::: Excerpted records
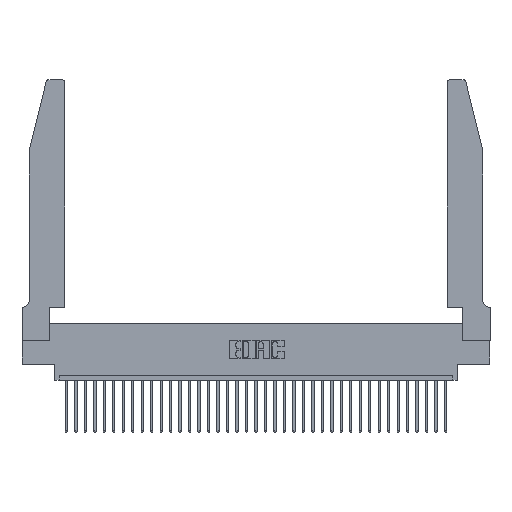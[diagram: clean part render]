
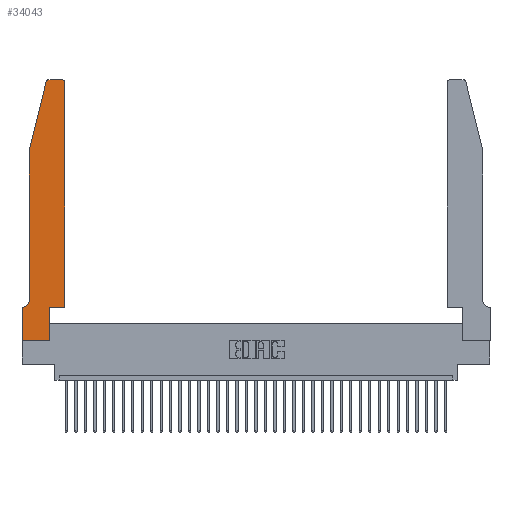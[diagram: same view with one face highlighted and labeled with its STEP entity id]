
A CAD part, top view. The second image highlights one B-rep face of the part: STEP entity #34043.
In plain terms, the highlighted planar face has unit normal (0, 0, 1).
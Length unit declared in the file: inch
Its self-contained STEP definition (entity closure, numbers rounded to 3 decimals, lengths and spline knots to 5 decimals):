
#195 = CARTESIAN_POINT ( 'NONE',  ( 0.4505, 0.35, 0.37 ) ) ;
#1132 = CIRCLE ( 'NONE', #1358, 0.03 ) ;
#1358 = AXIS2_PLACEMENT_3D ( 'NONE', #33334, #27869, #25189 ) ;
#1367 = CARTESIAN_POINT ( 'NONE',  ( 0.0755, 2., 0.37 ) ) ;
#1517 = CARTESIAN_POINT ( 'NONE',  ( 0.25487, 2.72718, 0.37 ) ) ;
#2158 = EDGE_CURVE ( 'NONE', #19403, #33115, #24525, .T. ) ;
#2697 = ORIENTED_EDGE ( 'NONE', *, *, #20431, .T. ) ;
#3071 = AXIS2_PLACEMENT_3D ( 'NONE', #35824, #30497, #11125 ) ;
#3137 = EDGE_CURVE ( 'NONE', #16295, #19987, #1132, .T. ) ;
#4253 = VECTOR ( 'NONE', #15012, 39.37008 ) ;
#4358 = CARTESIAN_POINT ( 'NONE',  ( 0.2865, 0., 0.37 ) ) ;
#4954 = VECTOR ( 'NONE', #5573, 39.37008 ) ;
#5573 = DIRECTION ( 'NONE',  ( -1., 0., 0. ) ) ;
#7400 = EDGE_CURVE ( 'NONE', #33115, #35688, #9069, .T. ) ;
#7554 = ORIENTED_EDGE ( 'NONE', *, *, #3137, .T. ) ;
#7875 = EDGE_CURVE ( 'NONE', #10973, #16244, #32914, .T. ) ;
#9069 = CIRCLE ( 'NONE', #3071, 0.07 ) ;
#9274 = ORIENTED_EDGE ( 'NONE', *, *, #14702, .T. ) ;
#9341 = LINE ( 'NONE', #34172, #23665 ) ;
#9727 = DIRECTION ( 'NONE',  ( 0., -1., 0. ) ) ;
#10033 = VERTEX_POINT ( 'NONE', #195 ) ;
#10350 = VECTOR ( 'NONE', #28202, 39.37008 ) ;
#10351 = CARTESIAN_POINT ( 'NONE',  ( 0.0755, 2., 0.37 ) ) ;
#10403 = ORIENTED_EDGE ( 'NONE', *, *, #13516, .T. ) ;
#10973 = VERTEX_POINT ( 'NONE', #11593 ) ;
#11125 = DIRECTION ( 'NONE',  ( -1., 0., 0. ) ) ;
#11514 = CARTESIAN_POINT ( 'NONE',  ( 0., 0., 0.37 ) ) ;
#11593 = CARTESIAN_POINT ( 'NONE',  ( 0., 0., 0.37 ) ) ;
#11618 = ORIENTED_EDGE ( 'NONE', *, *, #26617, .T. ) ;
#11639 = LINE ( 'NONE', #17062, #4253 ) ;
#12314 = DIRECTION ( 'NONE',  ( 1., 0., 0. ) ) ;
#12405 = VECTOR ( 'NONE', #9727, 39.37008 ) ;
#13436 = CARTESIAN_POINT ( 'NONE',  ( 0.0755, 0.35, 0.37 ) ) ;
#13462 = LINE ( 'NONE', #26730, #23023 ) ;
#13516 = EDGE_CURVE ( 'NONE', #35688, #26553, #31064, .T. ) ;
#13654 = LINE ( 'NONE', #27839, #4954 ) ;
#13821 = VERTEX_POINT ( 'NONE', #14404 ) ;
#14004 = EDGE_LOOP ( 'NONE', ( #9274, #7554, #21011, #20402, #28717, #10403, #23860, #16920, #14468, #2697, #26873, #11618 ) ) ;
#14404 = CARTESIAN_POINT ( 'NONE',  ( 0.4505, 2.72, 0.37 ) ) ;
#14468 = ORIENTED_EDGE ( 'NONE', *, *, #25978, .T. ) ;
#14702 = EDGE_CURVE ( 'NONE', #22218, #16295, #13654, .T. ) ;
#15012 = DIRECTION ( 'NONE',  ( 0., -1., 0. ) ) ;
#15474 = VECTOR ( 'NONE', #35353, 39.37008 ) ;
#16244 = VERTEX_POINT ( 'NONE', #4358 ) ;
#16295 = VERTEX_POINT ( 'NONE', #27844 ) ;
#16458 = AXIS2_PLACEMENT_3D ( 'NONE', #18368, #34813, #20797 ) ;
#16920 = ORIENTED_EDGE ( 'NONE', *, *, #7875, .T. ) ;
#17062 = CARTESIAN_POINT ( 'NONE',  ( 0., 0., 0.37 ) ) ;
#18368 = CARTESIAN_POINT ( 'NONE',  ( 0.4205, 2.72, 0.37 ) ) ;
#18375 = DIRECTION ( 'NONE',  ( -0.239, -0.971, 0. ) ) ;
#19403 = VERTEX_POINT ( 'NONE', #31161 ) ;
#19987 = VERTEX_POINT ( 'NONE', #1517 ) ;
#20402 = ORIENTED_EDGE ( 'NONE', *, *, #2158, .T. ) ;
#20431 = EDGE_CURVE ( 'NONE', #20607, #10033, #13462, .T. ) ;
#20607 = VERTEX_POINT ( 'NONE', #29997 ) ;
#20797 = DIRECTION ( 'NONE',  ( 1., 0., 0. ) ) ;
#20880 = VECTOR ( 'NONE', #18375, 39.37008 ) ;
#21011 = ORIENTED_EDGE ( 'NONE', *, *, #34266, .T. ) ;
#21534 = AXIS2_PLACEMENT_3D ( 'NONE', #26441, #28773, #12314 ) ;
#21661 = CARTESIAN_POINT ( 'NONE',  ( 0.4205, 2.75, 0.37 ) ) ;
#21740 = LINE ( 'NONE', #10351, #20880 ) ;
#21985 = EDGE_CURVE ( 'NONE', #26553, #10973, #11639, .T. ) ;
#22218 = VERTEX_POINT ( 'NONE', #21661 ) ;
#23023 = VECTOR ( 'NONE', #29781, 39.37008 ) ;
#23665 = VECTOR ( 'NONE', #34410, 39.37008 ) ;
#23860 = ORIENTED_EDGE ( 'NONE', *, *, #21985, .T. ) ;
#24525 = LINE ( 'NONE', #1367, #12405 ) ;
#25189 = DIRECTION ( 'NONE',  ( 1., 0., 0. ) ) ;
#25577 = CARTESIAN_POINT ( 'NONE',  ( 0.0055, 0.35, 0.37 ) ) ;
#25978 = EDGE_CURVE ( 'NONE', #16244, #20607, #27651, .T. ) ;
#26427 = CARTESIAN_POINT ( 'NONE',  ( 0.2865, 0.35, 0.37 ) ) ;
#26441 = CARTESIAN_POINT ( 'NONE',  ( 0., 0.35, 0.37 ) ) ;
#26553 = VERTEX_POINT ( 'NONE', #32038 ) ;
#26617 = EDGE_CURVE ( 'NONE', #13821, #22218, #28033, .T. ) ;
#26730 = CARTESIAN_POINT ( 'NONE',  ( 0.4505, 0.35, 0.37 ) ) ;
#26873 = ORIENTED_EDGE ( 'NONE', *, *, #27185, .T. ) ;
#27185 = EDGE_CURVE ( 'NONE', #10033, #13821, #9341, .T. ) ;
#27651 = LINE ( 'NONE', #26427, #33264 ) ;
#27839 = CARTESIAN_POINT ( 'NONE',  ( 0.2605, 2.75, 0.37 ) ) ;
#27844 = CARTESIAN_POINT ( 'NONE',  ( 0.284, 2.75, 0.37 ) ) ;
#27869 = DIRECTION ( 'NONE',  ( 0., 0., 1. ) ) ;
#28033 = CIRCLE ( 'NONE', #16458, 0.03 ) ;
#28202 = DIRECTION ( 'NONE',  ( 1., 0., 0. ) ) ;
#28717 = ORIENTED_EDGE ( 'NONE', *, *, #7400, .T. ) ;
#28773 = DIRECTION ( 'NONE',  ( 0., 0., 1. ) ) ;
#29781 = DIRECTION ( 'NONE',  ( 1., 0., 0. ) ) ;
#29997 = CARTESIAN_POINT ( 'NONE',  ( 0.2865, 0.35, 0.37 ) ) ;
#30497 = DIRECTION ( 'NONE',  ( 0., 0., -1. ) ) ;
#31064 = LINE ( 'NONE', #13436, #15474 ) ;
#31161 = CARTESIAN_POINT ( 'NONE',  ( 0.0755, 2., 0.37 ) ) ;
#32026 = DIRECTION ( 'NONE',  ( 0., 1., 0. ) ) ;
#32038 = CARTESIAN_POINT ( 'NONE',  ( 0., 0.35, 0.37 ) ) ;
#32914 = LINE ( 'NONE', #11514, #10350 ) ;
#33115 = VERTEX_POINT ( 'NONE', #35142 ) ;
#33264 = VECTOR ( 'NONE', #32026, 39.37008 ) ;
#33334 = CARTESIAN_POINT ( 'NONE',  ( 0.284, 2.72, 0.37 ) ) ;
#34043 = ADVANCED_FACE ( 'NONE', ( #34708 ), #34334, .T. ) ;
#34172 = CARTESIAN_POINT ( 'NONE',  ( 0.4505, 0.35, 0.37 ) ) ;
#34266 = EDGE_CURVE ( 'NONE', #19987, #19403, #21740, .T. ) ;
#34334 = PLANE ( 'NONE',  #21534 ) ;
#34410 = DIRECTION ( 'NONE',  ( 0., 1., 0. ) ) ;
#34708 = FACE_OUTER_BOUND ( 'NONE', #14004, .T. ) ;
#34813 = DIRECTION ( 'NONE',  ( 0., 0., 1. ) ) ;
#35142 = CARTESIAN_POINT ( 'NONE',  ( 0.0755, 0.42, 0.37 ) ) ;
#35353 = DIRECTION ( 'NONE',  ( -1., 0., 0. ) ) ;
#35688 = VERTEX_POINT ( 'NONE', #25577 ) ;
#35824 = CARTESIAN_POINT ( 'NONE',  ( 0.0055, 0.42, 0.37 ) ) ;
::::::
Work request: Could you reproduce, exactly, every line above from the line with "#13821 = VERTEX_POINT ( 'NONE', #14404 ) ;" to the line with "#14702 = EDGE_CURVE", and no other line? Both ends count.

Your response:
#13821 = VERTEX_POINT ( 'NONE', #14404 ) ;
#14004 = EDGE_LOOP ( 'NONE', ( #9274, #7554, #21011, #20402, #28717, #10403, #23860, #16920, #14468, #2697, #26873, #11618 ) ) ;
#14404 = CARTESIAN_POINT ( 'NONE',  ( 0.4505, 2.72, 0.37 ) ) ;
#14468 = ORIENTED_EDGE ( 'NONE', *, *, #25978, .T. ) ;
#14702 = EDGE_CURVE ( 'NONE', #22218, #16295, #13654, .T. ) ;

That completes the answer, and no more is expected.